**Problem to solve**. Where the line with "(IN1), U7.4 (PA6)" appears below, start writing out lines exactly, and finish with the line with "J13.1, U7.16 (~RESET/PA0)", which is included; write out nothing else.

**Dataset extract**.
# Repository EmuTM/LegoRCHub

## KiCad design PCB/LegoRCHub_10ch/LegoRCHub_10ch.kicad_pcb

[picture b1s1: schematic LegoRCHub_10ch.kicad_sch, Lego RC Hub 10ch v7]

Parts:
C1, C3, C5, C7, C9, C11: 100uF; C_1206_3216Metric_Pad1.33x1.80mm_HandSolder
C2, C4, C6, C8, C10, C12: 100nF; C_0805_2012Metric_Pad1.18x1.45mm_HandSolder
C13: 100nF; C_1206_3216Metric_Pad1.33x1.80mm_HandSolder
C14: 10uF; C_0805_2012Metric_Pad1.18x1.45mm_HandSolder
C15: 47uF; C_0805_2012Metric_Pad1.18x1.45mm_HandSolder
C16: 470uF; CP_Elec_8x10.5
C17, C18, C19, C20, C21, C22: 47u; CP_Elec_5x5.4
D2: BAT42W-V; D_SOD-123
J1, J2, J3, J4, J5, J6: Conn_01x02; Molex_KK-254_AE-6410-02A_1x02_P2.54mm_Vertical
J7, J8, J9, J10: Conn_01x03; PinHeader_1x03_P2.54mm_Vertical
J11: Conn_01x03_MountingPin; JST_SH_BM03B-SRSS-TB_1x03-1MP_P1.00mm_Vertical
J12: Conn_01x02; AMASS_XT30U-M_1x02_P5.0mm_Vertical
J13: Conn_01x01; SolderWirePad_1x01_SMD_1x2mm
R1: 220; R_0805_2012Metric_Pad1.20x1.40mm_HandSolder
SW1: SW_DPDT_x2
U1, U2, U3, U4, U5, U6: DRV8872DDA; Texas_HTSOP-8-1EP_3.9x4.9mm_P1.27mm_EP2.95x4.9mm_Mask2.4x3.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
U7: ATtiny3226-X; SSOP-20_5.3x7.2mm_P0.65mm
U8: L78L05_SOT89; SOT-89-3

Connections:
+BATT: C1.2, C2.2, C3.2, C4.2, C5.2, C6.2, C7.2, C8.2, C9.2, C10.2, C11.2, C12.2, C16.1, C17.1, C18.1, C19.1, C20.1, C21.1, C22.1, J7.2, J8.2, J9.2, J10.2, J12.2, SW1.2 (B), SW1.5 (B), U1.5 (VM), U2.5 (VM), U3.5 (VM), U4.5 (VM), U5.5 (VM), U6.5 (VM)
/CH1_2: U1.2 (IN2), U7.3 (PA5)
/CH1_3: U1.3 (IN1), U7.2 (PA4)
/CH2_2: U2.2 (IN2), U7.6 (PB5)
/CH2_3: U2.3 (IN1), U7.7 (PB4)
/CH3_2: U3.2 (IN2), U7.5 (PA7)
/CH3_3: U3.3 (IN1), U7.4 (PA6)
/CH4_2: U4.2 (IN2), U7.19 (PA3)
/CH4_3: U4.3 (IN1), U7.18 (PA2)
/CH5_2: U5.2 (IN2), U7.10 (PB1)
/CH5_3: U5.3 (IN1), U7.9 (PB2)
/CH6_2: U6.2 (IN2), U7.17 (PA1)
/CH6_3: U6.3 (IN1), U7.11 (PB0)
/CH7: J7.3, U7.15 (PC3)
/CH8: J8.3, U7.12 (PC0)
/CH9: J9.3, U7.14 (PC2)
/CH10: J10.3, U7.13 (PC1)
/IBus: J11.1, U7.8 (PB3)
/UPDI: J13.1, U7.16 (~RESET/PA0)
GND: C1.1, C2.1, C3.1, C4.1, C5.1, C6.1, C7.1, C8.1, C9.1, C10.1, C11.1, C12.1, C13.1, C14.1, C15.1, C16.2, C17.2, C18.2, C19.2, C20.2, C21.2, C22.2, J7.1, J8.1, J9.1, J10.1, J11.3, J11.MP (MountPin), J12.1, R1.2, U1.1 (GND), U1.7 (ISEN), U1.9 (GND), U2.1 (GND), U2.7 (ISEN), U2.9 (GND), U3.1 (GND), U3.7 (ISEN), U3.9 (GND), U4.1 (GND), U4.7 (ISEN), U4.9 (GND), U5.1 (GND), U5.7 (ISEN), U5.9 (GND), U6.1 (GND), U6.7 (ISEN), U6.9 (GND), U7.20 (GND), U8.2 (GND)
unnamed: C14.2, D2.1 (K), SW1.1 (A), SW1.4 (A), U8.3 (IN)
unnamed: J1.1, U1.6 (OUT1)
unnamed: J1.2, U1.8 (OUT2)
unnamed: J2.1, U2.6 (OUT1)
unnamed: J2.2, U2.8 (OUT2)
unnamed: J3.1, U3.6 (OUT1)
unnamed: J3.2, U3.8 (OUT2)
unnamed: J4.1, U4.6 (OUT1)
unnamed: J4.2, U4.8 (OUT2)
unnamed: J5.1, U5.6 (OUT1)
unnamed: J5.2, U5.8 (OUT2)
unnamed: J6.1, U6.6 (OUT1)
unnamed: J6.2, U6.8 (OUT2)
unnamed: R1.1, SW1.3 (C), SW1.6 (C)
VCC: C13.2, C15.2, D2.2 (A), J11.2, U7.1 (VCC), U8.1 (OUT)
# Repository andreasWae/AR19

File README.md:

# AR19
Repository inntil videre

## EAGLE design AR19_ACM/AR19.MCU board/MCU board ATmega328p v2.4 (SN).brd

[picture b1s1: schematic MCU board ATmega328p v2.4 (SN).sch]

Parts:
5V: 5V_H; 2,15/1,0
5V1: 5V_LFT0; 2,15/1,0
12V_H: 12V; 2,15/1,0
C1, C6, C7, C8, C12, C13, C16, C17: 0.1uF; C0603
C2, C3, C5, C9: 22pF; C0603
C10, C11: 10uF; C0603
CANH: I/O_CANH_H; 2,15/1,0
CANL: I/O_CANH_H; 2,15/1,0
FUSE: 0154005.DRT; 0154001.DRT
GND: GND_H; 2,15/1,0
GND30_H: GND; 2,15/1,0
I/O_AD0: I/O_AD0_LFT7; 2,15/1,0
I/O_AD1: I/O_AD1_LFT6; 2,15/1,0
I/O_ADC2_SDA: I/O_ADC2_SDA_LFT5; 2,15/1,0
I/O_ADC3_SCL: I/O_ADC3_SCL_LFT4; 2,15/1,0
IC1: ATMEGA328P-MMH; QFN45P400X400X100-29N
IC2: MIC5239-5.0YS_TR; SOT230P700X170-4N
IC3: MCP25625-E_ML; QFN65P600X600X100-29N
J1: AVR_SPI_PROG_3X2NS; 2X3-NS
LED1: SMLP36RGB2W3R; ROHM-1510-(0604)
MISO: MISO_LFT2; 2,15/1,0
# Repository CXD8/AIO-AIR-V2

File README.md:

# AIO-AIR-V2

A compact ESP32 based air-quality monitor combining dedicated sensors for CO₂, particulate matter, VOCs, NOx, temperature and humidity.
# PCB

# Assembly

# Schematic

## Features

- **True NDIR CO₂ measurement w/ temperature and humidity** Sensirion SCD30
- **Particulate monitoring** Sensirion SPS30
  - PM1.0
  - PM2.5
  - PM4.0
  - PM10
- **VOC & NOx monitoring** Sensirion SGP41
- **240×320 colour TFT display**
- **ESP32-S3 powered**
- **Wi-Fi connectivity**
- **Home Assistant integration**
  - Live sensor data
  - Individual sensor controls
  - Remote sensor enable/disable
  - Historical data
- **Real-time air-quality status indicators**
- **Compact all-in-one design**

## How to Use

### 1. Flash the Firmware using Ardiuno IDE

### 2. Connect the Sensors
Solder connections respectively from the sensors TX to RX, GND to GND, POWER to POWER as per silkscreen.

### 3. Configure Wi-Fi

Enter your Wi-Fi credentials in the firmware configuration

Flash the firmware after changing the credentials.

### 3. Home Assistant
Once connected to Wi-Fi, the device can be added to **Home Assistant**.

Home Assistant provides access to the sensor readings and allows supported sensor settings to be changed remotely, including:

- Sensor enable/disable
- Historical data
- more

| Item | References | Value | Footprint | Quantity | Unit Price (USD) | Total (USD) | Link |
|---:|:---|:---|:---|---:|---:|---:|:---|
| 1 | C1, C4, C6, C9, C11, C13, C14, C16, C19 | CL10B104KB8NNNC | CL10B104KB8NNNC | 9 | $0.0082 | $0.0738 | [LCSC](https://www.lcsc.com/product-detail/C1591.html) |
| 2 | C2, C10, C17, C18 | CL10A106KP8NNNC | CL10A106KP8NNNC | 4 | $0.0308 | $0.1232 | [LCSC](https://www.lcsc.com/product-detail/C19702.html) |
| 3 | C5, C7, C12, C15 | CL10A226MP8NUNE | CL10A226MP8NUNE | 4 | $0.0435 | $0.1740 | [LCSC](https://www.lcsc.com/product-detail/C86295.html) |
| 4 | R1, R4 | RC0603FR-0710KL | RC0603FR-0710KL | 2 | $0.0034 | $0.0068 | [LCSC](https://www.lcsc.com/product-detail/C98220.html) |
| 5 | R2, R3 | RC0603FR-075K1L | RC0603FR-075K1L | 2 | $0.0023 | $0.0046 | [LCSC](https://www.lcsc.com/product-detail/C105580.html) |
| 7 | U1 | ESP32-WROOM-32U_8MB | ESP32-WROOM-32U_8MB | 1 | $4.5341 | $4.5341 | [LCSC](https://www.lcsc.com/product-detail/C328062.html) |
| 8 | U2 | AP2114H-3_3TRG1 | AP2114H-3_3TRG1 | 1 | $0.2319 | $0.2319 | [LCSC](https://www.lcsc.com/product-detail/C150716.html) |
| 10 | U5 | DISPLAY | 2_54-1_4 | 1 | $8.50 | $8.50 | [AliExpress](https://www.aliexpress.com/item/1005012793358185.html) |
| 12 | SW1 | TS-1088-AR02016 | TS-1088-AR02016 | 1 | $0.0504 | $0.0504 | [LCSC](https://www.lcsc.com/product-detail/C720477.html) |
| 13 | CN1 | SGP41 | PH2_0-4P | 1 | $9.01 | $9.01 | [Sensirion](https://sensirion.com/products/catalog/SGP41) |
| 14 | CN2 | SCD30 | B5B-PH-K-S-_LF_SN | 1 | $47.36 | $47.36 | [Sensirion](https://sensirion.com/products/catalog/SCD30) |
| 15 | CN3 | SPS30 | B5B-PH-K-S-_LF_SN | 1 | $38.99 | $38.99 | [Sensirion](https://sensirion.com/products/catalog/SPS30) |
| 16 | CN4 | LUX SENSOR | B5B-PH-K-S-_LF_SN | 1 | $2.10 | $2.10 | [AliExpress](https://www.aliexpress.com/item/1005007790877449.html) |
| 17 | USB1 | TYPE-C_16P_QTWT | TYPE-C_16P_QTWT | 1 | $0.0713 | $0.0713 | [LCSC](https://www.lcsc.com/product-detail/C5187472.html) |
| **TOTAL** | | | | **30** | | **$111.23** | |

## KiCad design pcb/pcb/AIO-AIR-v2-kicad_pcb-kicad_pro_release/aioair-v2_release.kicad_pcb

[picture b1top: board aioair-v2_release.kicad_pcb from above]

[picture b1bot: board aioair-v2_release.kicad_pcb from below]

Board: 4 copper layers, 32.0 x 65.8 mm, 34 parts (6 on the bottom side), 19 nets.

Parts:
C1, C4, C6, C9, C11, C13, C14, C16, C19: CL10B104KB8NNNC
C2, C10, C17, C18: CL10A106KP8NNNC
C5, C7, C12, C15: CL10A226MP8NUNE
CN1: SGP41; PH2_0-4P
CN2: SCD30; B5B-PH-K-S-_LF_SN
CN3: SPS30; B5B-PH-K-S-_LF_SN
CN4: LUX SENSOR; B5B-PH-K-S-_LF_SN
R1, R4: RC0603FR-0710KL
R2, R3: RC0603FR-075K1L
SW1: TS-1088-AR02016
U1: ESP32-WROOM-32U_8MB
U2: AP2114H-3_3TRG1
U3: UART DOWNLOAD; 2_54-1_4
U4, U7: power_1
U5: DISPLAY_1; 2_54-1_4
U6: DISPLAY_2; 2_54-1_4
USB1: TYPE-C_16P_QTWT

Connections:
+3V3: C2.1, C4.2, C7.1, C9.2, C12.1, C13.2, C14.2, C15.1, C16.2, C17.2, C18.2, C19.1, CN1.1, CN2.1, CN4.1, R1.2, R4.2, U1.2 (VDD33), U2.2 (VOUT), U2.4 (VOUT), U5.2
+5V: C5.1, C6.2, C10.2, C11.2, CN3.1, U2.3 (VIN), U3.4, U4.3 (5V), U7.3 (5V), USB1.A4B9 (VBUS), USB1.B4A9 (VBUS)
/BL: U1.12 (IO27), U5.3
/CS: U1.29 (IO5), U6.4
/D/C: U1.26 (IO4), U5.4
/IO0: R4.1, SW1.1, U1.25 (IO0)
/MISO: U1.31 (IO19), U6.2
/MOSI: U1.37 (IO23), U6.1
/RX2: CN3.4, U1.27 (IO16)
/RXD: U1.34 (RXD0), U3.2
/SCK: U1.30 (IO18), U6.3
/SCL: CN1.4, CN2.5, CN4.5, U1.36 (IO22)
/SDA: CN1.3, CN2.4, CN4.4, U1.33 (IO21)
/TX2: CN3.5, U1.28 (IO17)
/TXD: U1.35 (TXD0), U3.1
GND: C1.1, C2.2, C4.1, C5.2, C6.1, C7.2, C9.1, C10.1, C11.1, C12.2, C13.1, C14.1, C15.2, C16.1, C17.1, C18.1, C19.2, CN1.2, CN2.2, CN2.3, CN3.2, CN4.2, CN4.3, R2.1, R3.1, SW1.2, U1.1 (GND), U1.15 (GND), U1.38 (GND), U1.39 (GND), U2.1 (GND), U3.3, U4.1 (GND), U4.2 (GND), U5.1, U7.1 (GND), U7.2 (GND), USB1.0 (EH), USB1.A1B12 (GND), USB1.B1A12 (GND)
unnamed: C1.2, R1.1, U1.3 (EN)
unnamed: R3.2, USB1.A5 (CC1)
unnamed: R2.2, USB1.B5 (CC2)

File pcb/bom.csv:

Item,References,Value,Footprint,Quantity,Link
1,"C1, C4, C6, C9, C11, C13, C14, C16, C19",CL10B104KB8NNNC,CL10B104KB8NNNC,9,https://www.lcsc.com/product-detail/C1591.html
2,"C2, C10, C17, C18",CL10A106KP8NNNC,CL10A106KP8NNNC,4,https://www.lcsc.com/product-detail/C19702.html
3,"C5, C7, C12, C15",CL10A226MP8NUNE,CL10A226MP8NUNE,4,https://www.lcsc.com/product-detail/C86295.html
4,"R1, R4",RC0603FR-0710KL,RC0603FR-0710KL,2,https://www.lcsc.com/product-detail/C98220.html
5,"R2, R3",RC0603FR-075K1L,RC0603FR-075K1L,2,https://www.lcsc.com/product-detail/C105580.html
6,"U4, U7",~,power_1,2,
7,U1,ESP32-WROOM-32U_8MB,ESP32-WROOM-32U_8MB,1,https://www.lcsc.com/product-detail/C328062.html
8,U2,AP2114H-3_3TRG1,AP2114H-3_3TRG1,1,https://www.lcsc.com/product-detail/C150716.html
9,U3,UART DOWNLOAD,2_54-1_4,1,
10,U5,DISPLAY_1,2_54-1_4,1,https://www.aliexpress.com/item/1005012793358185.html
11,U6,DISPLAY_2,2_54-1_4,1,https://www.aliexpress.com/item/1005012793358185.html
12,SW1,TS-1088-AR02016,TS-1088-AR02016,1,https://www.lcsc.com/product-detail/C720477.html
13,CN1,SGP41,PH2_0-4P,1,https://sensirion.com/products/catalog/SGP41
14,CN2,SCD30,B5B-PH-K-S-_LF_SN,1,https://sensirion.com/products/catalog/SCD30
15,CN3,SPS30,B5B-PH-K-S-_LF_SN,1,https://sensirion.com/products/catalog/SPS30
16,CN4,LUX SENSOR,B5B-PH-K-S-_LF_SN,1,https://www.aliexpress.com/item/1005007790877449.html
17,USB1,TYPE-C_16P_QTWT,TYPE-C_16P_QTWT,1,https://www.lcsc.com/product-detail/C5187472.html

**Reply to the exercise**.
/CH3_3: U3.3 (IN1), U7.4 (PA6)
/CH4_2: U4.2 (IN2), U7.19 (PA3)
/CH4_3: U4.3 (IN1), U7.18 (PA2)
/CH5_2: U5.2 (IN2), U7.10 (PB1)
/CH5_3: U5.3 (IN1), U7.9 (PB2)
/CH6_2: U6.2 (IN2), U7.17 (PA1)
/CH6_3: U6.3 (IN1), U7.11 (PB0)
/CH7: J7.3, U7.15 (PC3)
/CH8: J8.3, U7.12 (PC0)
/CH9: J9.3, U7.14 (PC2)
/CH10: J10.3, U7.13 (PC1)
/IBus: J11.1, U7.8 (PB3)
/UPDI: J13.1, U7.16 (~RESET/PA0)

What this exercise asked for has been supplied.